• _Aim of the exercise_
Take the data below and extract the lines from the one with "The RPI handles" to the one with "1. QA our schematics/pcb layout.", inclusive, exactly as written.

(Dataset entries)
* * * * *

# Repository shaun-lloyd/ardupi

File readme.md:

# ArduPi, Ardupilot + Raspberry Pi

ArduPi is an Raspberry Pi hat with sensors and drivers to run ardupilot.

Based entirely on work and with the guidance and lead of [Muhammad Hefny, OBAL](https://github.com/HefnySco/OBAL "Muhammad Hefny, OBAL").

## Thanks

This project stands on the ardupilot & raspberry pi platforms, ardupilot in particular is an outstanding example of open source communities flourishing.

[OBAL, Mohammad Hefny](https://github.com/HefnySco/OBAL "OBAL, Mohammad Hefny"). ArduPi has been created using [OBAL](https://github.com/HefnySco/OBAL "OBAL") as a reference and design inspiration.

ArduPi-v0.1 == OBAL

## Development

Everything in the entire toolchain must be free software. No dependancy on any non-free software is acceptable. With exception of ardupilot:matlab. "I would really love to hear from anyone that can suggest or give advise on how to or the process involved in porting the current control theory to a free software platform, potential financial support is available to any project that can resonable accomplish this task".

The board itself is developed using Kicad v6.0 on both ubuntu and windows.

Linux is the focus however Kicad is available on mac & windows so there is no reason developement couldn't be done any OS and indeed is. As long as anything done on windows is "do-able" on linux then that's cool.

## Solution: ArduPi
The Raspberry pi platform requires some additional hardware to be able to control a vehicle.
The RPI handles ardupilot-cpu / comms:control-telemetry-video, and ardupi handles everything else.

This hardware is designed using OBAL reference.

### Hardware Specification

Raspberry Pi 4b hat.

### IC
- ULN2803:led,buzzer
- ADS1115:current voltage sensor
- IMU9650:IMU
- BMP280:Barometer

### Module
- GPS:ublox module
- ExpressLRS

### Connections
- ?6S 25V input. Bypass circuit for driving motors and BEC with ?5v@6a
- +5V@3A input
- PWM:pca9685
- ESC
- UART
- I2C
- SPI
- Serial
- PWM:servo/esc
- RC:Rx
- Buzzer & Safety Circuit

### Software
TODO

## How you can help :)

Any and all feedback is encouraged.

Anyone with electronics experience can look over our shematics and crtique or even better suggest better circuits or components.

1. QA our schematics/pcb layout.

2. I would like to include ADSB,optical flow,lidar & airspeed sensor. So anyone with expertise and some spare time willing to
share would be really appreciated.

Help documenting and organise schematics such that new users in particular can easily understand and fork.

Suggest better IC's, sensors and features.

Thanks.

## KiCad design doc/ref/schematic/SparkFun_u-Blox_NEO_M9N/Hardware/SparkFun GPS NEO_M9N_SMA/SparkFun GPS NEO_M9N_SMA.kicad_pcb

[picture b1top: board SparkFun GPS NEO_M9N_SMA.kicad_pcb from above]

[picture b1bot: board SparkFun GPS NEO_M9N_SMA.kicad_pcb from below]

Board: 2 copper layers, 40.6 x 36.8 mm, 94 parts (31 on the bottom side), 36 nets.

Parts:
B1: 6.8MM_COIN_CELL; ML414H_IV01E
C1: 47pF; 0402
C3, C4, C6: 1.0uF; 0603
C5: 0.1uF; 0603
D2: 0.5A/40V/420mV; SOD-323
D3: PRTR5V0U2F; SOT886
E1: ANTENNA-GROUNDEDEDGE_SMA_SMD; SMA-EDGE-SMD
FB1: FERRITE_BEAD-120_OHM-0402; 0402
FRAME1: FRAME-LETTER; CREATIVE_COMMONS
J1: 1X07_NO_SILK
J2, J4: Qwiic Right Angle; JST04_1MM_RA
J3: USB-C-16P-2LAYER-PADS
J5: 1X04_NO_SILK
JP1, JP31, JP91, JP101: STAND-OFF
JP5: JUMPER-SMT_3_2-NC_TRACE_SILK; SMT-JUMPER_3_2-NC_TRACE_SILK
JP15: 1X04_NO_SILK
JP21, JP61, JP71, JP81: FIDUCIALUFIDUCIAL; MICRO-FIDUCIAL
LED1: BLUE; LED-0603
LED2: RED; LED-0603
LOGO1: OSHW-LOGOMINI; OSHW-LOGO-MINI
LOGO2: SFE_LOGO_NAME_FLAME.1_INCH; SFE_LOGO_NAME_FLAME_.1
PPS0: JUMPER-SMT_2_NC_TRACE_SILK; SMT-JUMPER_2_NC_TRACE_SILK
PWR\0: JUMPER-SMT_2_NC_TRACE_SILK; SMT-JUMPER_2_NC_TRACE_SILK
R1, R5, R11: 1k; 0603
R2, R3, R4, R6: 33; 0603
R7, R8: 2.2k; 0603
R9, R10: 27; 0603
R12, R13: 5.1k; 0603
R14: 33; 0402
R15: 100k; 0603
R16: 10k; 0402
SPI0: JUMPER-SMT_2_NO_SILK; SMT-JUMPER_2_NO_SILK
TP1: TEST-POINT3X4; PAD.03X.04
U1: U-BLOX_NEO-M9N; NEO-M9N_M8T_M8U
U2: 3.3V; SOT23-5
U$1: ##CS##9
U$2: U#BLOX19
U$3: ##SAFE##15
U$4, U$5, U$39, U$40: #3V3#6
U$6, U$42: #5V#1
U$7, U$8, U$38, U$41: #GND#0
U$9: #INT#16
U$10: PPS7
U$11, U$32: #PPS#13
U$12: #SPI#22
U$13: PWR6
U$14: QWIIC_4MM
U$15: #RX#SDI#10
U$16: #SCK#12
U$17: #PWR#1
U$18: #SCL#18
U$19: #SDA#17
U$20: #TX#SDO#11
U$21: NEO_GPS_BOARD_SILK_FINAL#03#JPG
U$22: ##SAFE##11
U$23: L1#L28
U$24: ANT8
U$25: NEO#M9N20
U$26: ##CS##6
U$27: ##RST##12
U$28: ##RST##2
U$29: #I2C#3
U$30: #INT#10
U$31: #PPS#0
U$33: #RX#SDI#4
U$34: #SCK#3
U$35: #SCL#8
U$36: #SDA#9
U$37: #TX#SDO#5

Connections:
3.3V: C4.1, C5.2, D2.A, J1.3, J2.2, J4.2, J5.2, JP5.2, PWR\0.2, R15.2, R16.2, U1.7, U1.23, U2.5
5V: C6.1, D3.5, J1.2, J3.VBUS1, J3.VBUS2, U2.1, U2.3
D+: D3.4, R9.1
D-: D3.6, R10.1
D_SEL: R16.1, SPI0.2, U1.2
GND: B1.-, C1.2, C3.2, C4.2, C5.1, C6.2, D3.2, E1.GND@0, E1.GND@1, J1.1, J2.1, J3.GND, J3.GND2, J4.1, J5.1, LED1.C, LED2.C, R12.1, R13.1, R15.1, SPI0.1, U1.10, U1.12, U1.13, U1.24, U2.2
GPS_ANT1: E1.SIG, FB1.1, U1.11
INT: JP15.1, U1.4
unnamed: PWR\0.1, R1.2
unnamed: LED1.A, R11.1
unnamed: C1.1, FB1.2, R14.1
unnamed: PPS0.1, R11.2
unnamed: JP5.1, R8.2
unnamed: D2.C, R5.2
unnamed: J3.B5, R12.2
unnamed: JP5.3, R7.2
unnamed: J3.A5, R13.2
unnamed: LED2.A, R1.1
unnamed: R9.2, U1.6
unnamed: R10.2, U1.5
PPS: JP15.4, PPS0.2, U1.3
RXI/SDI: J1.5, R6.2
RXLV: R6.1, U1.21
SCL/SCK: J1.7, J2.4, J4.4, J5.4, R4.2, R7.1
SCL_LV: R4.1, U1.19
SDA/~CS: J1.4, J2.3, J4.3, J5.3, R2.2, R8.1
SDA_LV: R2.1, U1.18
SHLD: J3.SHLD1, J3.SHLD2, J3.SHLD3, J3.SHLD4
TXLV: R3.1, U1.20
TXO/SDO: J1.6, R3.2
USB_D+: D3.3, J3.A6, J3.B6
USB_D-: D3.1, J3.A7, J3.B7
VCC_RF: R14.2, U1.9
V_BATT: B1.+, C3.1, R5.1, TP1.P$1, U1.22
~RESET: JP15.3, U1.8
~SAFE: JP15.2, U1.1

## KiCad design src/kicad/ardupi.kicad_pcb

* * * * *

• _Task answer_
The RPI handles ardupilot-cpu / comms:control-telemetry-video, and ardupi handles everything else.

This hardware is designed using OBAL reference.

### Hardware Specification

Raspberry Pi 4b hat.

### IC
- ULN2803:led,buzzer
- ADS1115:current voltage sensor
- IMU9650:IMU
- BMP280:Barometer

### Module
- GPS:ublox module
- ExpressLRS

### Connections
- ?6S 25V input. Bypass circuit for driving motors and BEC with ?5v@6a
- +5V@3A input
- PWM:pca9685
- ESC
- UART
- I2C
- SPI
- Serial
- PWM:servo/esc
- RC:Rx
- Buzzer & Safety Circuit

### Software
TODO

## How you can help :)

Any and all feedback is encouraged.

Anyone with electronics experience can look over our shematics and crtique or even better suggest better circuits or components.

1. QA our schematics/pcb layout.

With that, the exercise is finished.